As you earn gold medals in the circuit, you unlock (racers at the beginning) better boards and earn experience points which you can use to improve your racers in four categories: Edging (the ability to turn tighter and quicker), Speed (duh…), Stability (can withstand abuse from racers and stay on your feet), and Tricks (turn faster, grab faster, fly higher…). As you earn medals and experience, your racer will achieve new levels (rankings within the circuit if you will) and unlock better snowboards. To get the better outfits for your characters, you have to complete chapters in the racer's personal trick book.

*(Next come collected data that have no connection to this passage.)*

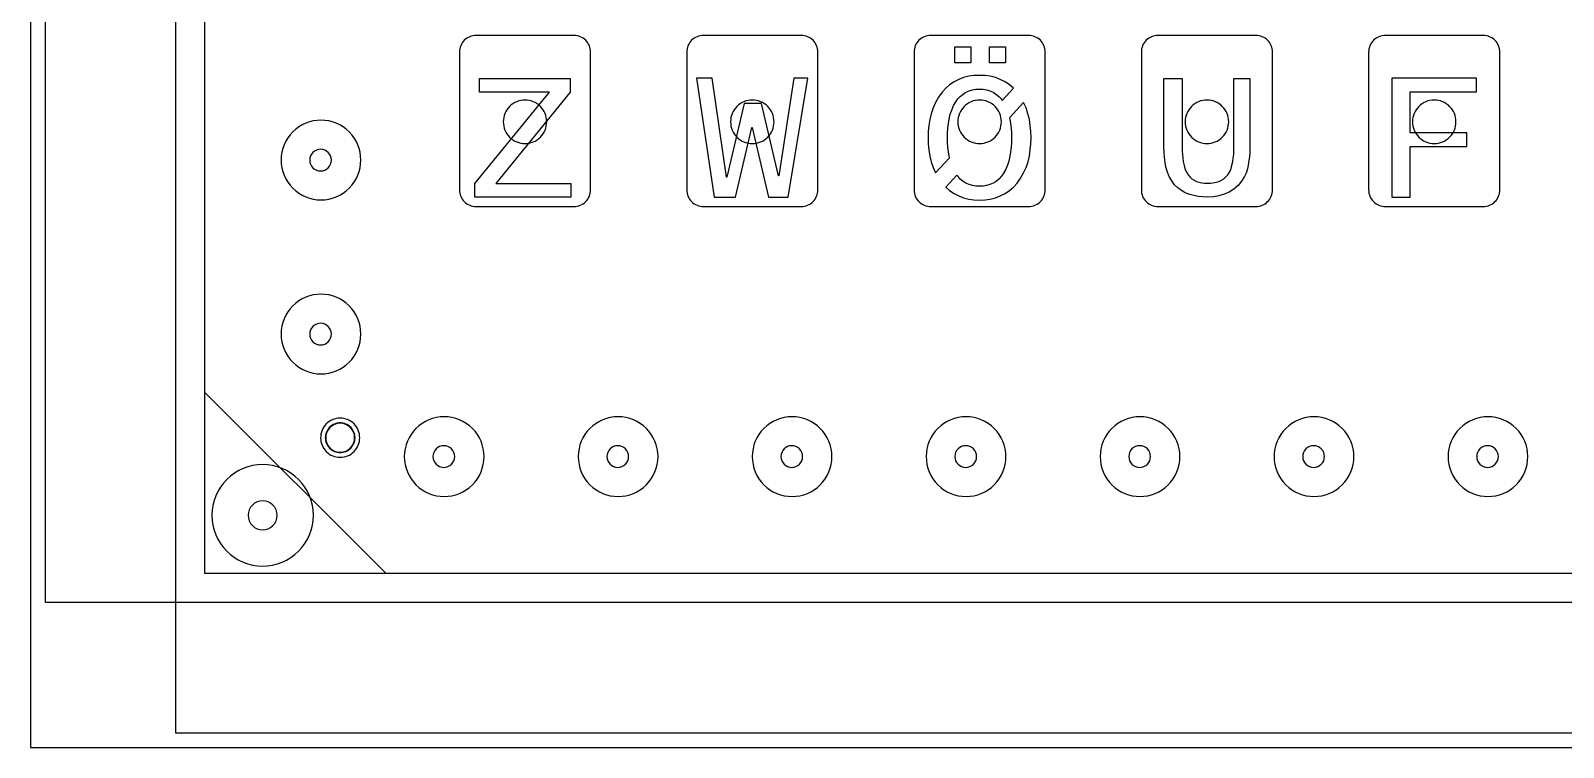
# Model space of a CAD drawing. Extents: x -337 to 6273, y 368 to 2065.
# Drawn here: x -323.6 to -112.2, y 468.1 to 566.9 of the extents above; entities that cross this region are included whole.
import ezdxf

# ---------------------------------------------------------------- set-up
doc = ezdxf.new("R2010")
doc.units = 0
doc.header["$LTSCALE"] = 100
doc.layers.add('EBENE_1', color=1, linetype='CONTINUOUS')

msp = doc.modelspace()

# ---------------------------------------------------------------- linework, layer by layer
at = {"layer": 'EBENE_1', "color": 7}
for points in [[(-323.616843, 468.053654), (126.383157, 468.053654), (126.383157, 918.053654), (-323.616843, 918.053654), (-323.616843, 468.053654)], [(-196.123429, 562.447964), (-196.123429, 564.659344), (-193.91205, 564.659344), (-193.91205, 562.447964), (-196.123429, 562.447964)], [(-191.321636, 562.447964), (-191.321636, 564.659344), (-189.110257, 564.659344), (-189.110257, 562.447964), (-191.321636, 562.447964)], [(-189.742978, 557.501974), (-189.576958, 557.289178), (-188.044341, 558.955014), (-188.582537, 559.423019), (-189.19118, 559.837224), (-189.842637, 560.172364), (-190.513778, 560.421397), (-191.244971, 560.601305), (-191.942511, 560.697683), (-192.707752, 560.731731), (-193.472696, 560.69771), (-194.169991, 560.601407), (-194.901202, 560.421558), (-195.572358, 560.172588), (-196.223938, 559.837454), (-196.832685, 559.423237), (-197.37103, 558.955144), (-197.882983, 558.398917), (-198.370847, 557.735082), (-198.792561, 557.003084), (-199.120353, 556.264744), (-199.392184, 555.447068), (-199.57753, 554.668836), (-199.713089, 553.809716), (-199.783549, 553.01371), (-199.808454, 552.141863), (-199.783612, 551.268362), (-199.71335, 550.471138), (-199.57802, 549.610056), (-199.393026, 548.830536), (-199.121312, 548.01075), (-198.793769, 547.271213), (-196.85741, 549.375887), (-196.898583, 549.572455), (-196.999159, 550.17394), (-197.073402, 550.850848), (-197.110814, 551.46418), (-197.12412, 552.141863), (-197.110782, 552.817726), (-197.07327, 553.429643), (-196.998895, 554.104635), (-196.898115, 554.704796), (-196.740099, 555.36824), (-196.552958, 555.945148), (-196.283462, 556.566793), (-195.980083, 557.095098), (-195.680334, 557.502063), (-195.36523, 557.841109), (-194.987576, 558.155962), (-194.583493, 558.408017), (-194.150892, 558.600744), (-193.676173, 558.739449), (-193.220421, 558.813551), (-192.714143, 558.839915), (-192.207574, 558.81353), (-191.751224, 558.739333), (-191.276165, 558.600615), (-190.842841, 558.40782), (-190.437994, 558.155811), (-190.059267, 557.840984), (-189.742978, 557.501974)], [(-255.435025, 560.31729), (-249.177971, 560.31729), (-249.177971, 558.425474), (-259.455134, 545.809106), (-249.075711, 545.809106), (-249.075711, 543.91729), (-262.318423, 543.91729), (-262.318423, 545.809106), (-252.028478, 558.425474), (-261.692079, 558.425474), (-261.692079, 560.31729), (-255.435025, 560.31729)], [(-229.305839, 543.935472), (-226.39142, 543.935472), (-224.116127, 553.560725), (-224.090562, 553.560725), (-221.828053, 543.935472), (-219.092589, 543.935472), (-216.395473, 560.335472), (-218.312854, 560.335472), (-220.415582, 546.862674), (-220.447538, 546.862674), (-222.773961, 556.871404), (-225.202643, 556.871404), (-227.561022, 546.709284), (-227.605761, 546.709284), (-229.599837, 560.335472), (-231.747304, 560.335472), (-229.305839, 543.935472)], [(-155.413017, 560.313903), (-155.413017, 551.230307), (-155.414685, 550.939452), (-155.419513, 550.664056), (-155.428364, 550.372723), (-155.440535, 550.098597), (-155.482418, 549.49426), (-155.538518, 548.972681), (-155.634445, 548.361985), (-155.745284, 547.862428), (-155.93689, 547.255881), (-156.141622, 546.807548), (-156.570369, 546.124984), (-157.041072, 545.559744), (-157.619204, 545.043858), (-158.263387, 544.629478), (-158.940049, 544.32795), (-159.709465, 544.108666), (-160.426518, 543.99728), (-161.241856, 543.957041), (-161.903458, 543.977675), (-162.493489, 544.035187), (-163.144228, 544.150556), (-163.715196, 544.307044), (-164.322014, 544.546162), (-164.849111, 544.833519), (-165.356904, 545.207753), (-165.798831, 545.644337), (-166.193912, 546.169077), (-166.541874, 546.798781), (-166.783949, 547.397496), (-166.98856, 548.099891), (-167.116649, 548.733395), (-167.211528, 549.457484), (-167.258416, 550.107439), (-167.275215, 550.834048), (-167.275215, 560.313903), (-164.757054, 560.313903), (-164.757054, 550.795701), (-164.748425, 550.277076), (-164.724403, 549.814793), (-164.674987, 549.293379), (-164.608647, 548.841883), (-164.497626, 548.322701), (-164.368284, 547.892532), (-164.160649, 547.400474), (-163.93258, 547.01846), (-163.688972, 546.721602), (-163.412021, 546.471159), (-163.105739, 546.267409), (-162.754158, 546.099626), (-162.413622, 545.98733), (-162.023315, 545.904702), (-161.668467, 545.863651), (-161.267421, 545.848857), (-160.849708, 545.863258), (-160.480356, 545.903191), (-160.071789, 545.984111), (-159.716714, 546.093783), (-159.344104, 546.26085), (-159.022685, 546.462576), (-158.725649, 546.717636), (-158.468044, 547.01846), (-158.230338, 547.403461), (-158.013784, 547.903469), (-157.879786, 548.340024), (-157.764636, 548.869452), (-157.696213, 549.32861), (-157.645203, 549.860365), (-157.620499, 550.330853), (-157.611614, 550.859613), (-157.611614, 560.313903), (-155.413017, 560.313903)], [(-135.815709, 543.935472), (-133.297549, 543.935472), (-133.297549, 550.901957), (-125.487416, 550.901957), (-125.487416, 552.793773), (-133.297549, 552.793773), (-133.297549, 558.443656), (-124.145249, 558.443656), (-124.145249, 560.335472), (-135.815709, 560.335472), (-135.815709, 543.935472)], [(-190.437652, 546.115381), (-190.842373, 545.863372), (-191.275769, 545.670475), (-191.750911, 545.531681), (-192.207401, 545.457433), (-192.714143, 545.431029), (-193.220248, 545.457375), (-193.675859, 545.531426), (-194.150495, 545.670055), (-194.583024, 545.862679), (-194.987232, 546.114734), (-195.364994, 546.429611), (-195.680222, 546.768747), (-195.842739, 546.977791), (-197.371164, 545.31593), (-196.832967, 544.847925), (-196.224324, 544.43372), (-195.572867, 544.09858), (-194.901726, 543.849547), (-194.170533, 543.669639), (-193.472993, 543.573261), (-192.707752, 543.539213), (-191.942808, 543.573234), (-191.245514, 543.669537), (-190.514302, 543.849386), (-189.843146, 544.098357), (-189.191566, 544.43349), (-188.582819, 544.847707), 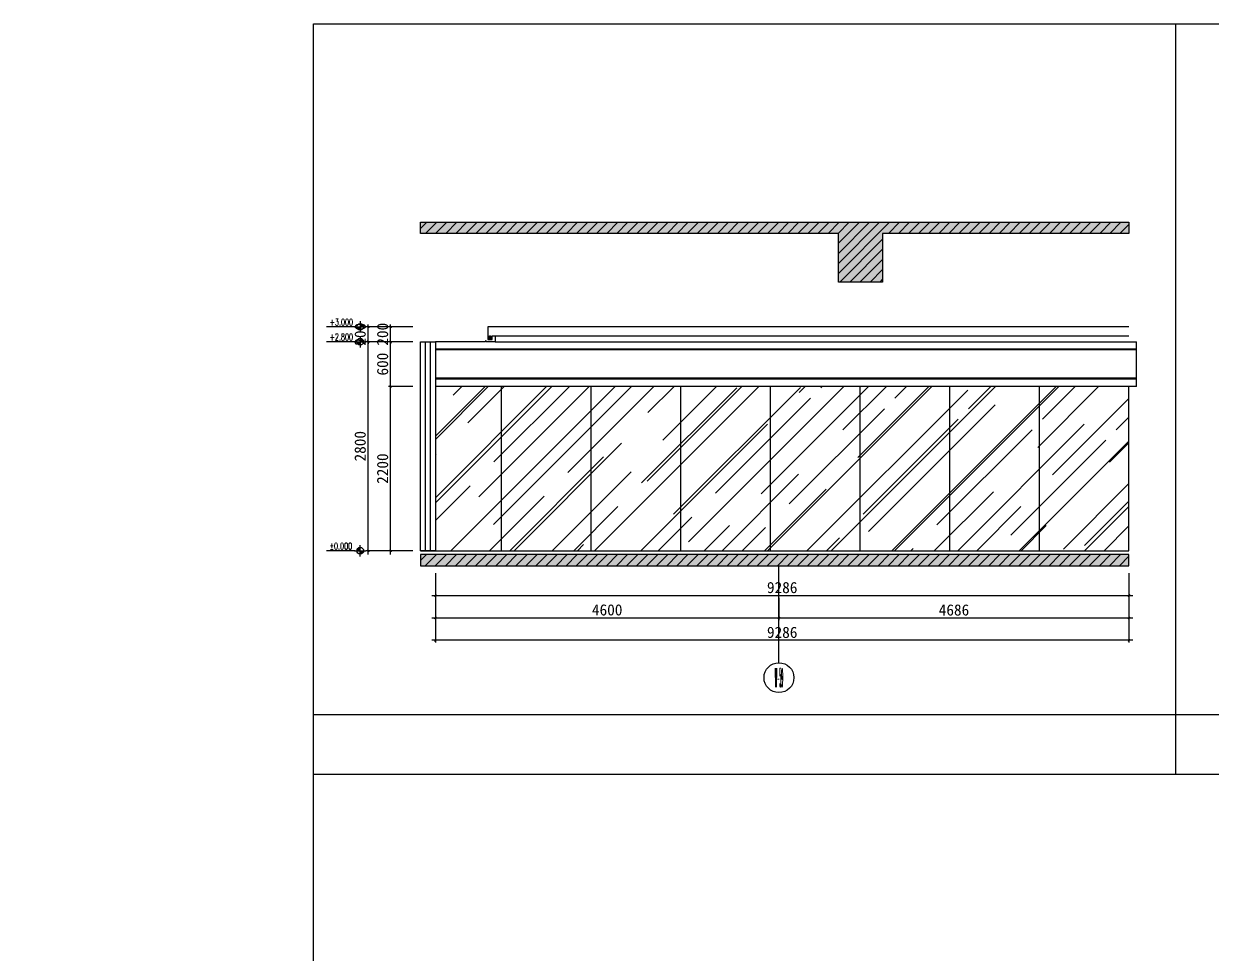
# Model space of a CAD drawing. Header units: millimetres. Extents: x 110215 to 630040, y -488650 to 141897.
# Drawn here: x 320155 to 336067, y 2886 to 15350 of the extents above; entities that cross this region are included whole.
import ezdxf
from ezdxf.enums import TextEntityAlignment as Align
from ezdxf.xclip import XClip

# ---------------------------------------------------------------- set-up
doc = ezdxf.new("R2010")
doc.units = ezdxf.units.MM
doc.header["$LTSCALE"] = 1000
doc.header["$XCLIPFRAME"] = 0
doc.layers.get('Defpoints').update_dxf_attribs({"color": 2})
for name, color, linetype in [('0-118标注', 2, 'Continuous'), ('0-140b立面看线', 3, 'Continuous'), ('0-140c立面材料填充', 250, 'Continuous'), ('0-140d立面材料分隔', 146, 'Continuous'), ('0-140立面图剖切线', 4, 'Continuous')]:
    doc.layers.add(name, color=color, linetype=linetype)
doc.styles.add('_TCH_AXIS', font='COMPLEX', dxfattribs={"bigfont": 'GBCBIG'})
doc.styles.add('COMPLEX', font='COMPLEX')
doc.styles.add('DIM_FONT', font='SIMPLEX', dxfattribs={"width": 0.7, "bigfont": 'GBCBIG'})
doc.styles.add('黑体', font='simhei.ttf')
doc.dimstyles.new('50', dxfattribs={"dimscale": 50, "dimtxt": 3, "dimasz": 0.6, "dimexe": 0.6, "dimexo": 0.6, "dimtad": 1, "dimdec": 0, "dimdsep": 46, "dimtxsty": '黑体', "dimblk1": 'ARCHTICK', "dimblk2": 'ARCHTICK', "dimsah": 1, "dimcen": 0, "dimdle": 1, "dimclrd": 251, "dimclre": 251, "dimclrt": 2, "dimadec": 0, "dimazin": 0, "dimtfac": 1, "dimtdec": 0, "dimtix": 1, "dimtmove": 2, "dimatfit": 3, "dimldrblk": 'DOT', "dimfxl": 0, "dimtolj": 1, "dimtzin": 0, "dimarcsym": 0})

# ---------------------------------------------------------------- blocks, each defined once
blk = doc.blocks.new('_ArchTick')
at = {"color": 0, "linetype": 'ByBlock', "const_width": 0.4}
blk.add_lwpolyline([(-0.5, -0.5), (0.5, 0.5)], dxfattribs=at)
blk = doc.blocks.new('*D895')
at = {"color": 251, "lineweight": -2, "transparency": 16777216}
for p, q in [((338111, 7661), (338111, 7361)), ((346711, 7661), (346711, 7361)), ((346761, 7391), (338061, 7391))]:
    blk.add_line(p, q, dxfattribs=at)
at = {"layer": 'Defpoints', "color": 0, "transparency": 16777216}
for p in [(338111, 7691), (346711, 7691), (338111, 7391)]:
    blk.add_point(p, dxfattribs=at)
at = {"color": 251, "lineweight": -2, "transparency": 16777216, "xscale": 30, "yscale": 30, "zscale": 30, "rotation": 180}
blk.add_blockref('_ArchTick', (338111, 7391), dxfattribs=at)
at = {"color": 251, "lineweight": -2, "transparency": 16777216, "xscale": 30, "yscale": 30, "zscale": 30}
blk.add_blockref('_ArchTick', (346711, 7391), dxfattribs=at)
at = {"color": 2, "transparency": 16777216, "insert": (342411, 7498), "char_height": 150, "attachment_point": 5, "style": '黑体'}
blk.add_mtext('\\A1;8600', dxfattribs=at)
blk = doc.blocks.new('_DOT')
at = {"color": 0, "linetype": 'ByBlock'}
blk.add_line((-0.5, 0), (-1, 0), dxfattribs=at)
at = {"color": 0, "linetype": 'ByBlock', "const_width": 0.5}
blk.add_lwpolyline([(-0.25, 0, 1), (0.25, 0, 1)], format="xyb", close=True, dxfattribs=at)
blk = doc.blocks.new('*D899')
at = {"color": 251, "lineweight": -2, "transparency": 16777216}
for p, q in [((306588, 7361), (306588, 7061)), ((359011, 7361), (359011, 7061)), ((306538, 7091), (359061, 7091))]:
    blk.add_line(p, q, dxfattribs=at)
at = {"layer": 'Defpoints', "color": 0, "transparency": 16777216}
for p in [(306588, 7391), (359011, 7391), (359011, 7091)]:
    blk.add_point(p, dxfattribs=at)
at = {"color": 251, "lineweight": -2, "transparency": 16777216, "xscale": 30, "yscale": 30, "zscale": 30, "rotation": 180}
blk.add_blockref('_ArchTick', (306588, 7091), dxfattribs=at)
at = {"color": 251, "lineweight": -2, "transparency": 16777216, "xscale": 30, "yscale": 30, "zscale": 30}
blk.add_blockref('_ArchTick', (359011, 7091), dxfattribs=at)
at = {"color": 2, "transparency": 16777216, "insert": (332799, 7197), "char_height": 150, "attachment_point": 5, "style": '黑体'}
blk.add_mtext('\\A1;52423', dxfattribs=at)
blk = doc.blocks.new('A$C087422EE')
for p, q in [((0, 28), (54, 28)), ((8, 72), (8, 63)), ((45, 72), (8, 72)), ((8, 63), (45, 63)), ((12, 63), (16, 45)), ((27, 0), (27, 54)), ((41, 63), (37, 45)), ((45, 63), (45, 72))]:
    blk.add_line(p, q)
blk.add_circle((27, 28), 20)
blk = doc.blocks.new('*D905')
at = {"color": 251, "lineweight": -2, "transparency": 16777216}
for p, q in [((325666, 7991), (325666, 7661)), ((334952, 7991), (334952, 7661)), ((325616, 7691), (335002, 7691))]:
    blk.add_line(p, q, dxfattribs=at)
at = {"layer": 'Defpoints', "color": 0, "transparency": 16777216}
for p in [(325666, 8091), (334952, 8091), (334952, 7691)]:
    blk.add_point(p, dxfattribs=at)
at = {"color": 251, "lineweight": -2, "transparency": 16777216, "xscale": 30, "yscale": 30, "zscale": 30, "rotation": 180}
blk.add_blockref('_ArchTick', (325666, 7691), dxfattribs=at)
at = {"color": 251, "lineweight": -2, "transparency": 16777216, "xscale": 30, "yscale": 30, "zscale": 30}
blk.add_blockref('_ArchTick', (334952, 7691), dxfattribs=at)
at = {"color": 2, "transparency": 16777216, "insert": (330309, 7797), "char_height": 150, "attachment_point": 5, "style": '黑体'}
blk.add_mtext('\\A1;9286', dxfattribs=at)
blk = doc.blocks.new('*D906')
at = {"color": 251, "lineweight": -2, "transparency": 16777216}
for p, q in [((325666, 7661), (325666, 7361)), ((330266, 7661), (330266, 7361)), ((325616, 7391), (330316, 7391))]:
    blk.add_line(p, q, dxfattribs=at)
at = {"layer": 'Defpoints', "color": 0, "transparency": 16777216}
for p in [(325666, 7691), (330266, 7691), (330266, 7391)]:
    blk.add_point(p, dxfattribs=at)
at = {"color": 251, "lineweight": -2, "transparency": 16777216, "xscale": 30, "yscale": 30, "zscale": 30, "rotation": 180}
blk.add_blockref('_ArchTick', (325666, 7391), dxfattribs=at)
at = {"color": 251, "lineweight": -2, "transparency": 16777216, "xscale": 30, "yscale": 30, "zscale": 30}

Each trick book is broken into six chapters which must be completed before you can look at the next one, but now you can look at the trick book during the run by pausing as opposed to having to remember the damn thing. The final trick chapter goes into the "Uber-Tricks" which are the 5-8 binding-release tricks that the characters can perform. To do one, you first have to max out your boost by doing tricks then when you catch big air, go nuts and cut one loose. (If I had a nickel for every time I've heard that! - Omni)

 

All in all, SSX Tricky is a great game that will appeal to all those who love dangerous sports from the comfort of their couches.

 

- Tazman

 

"Oh Lou. You and your frittatas."

- Chief Wiggum

 

(December 20, 2001)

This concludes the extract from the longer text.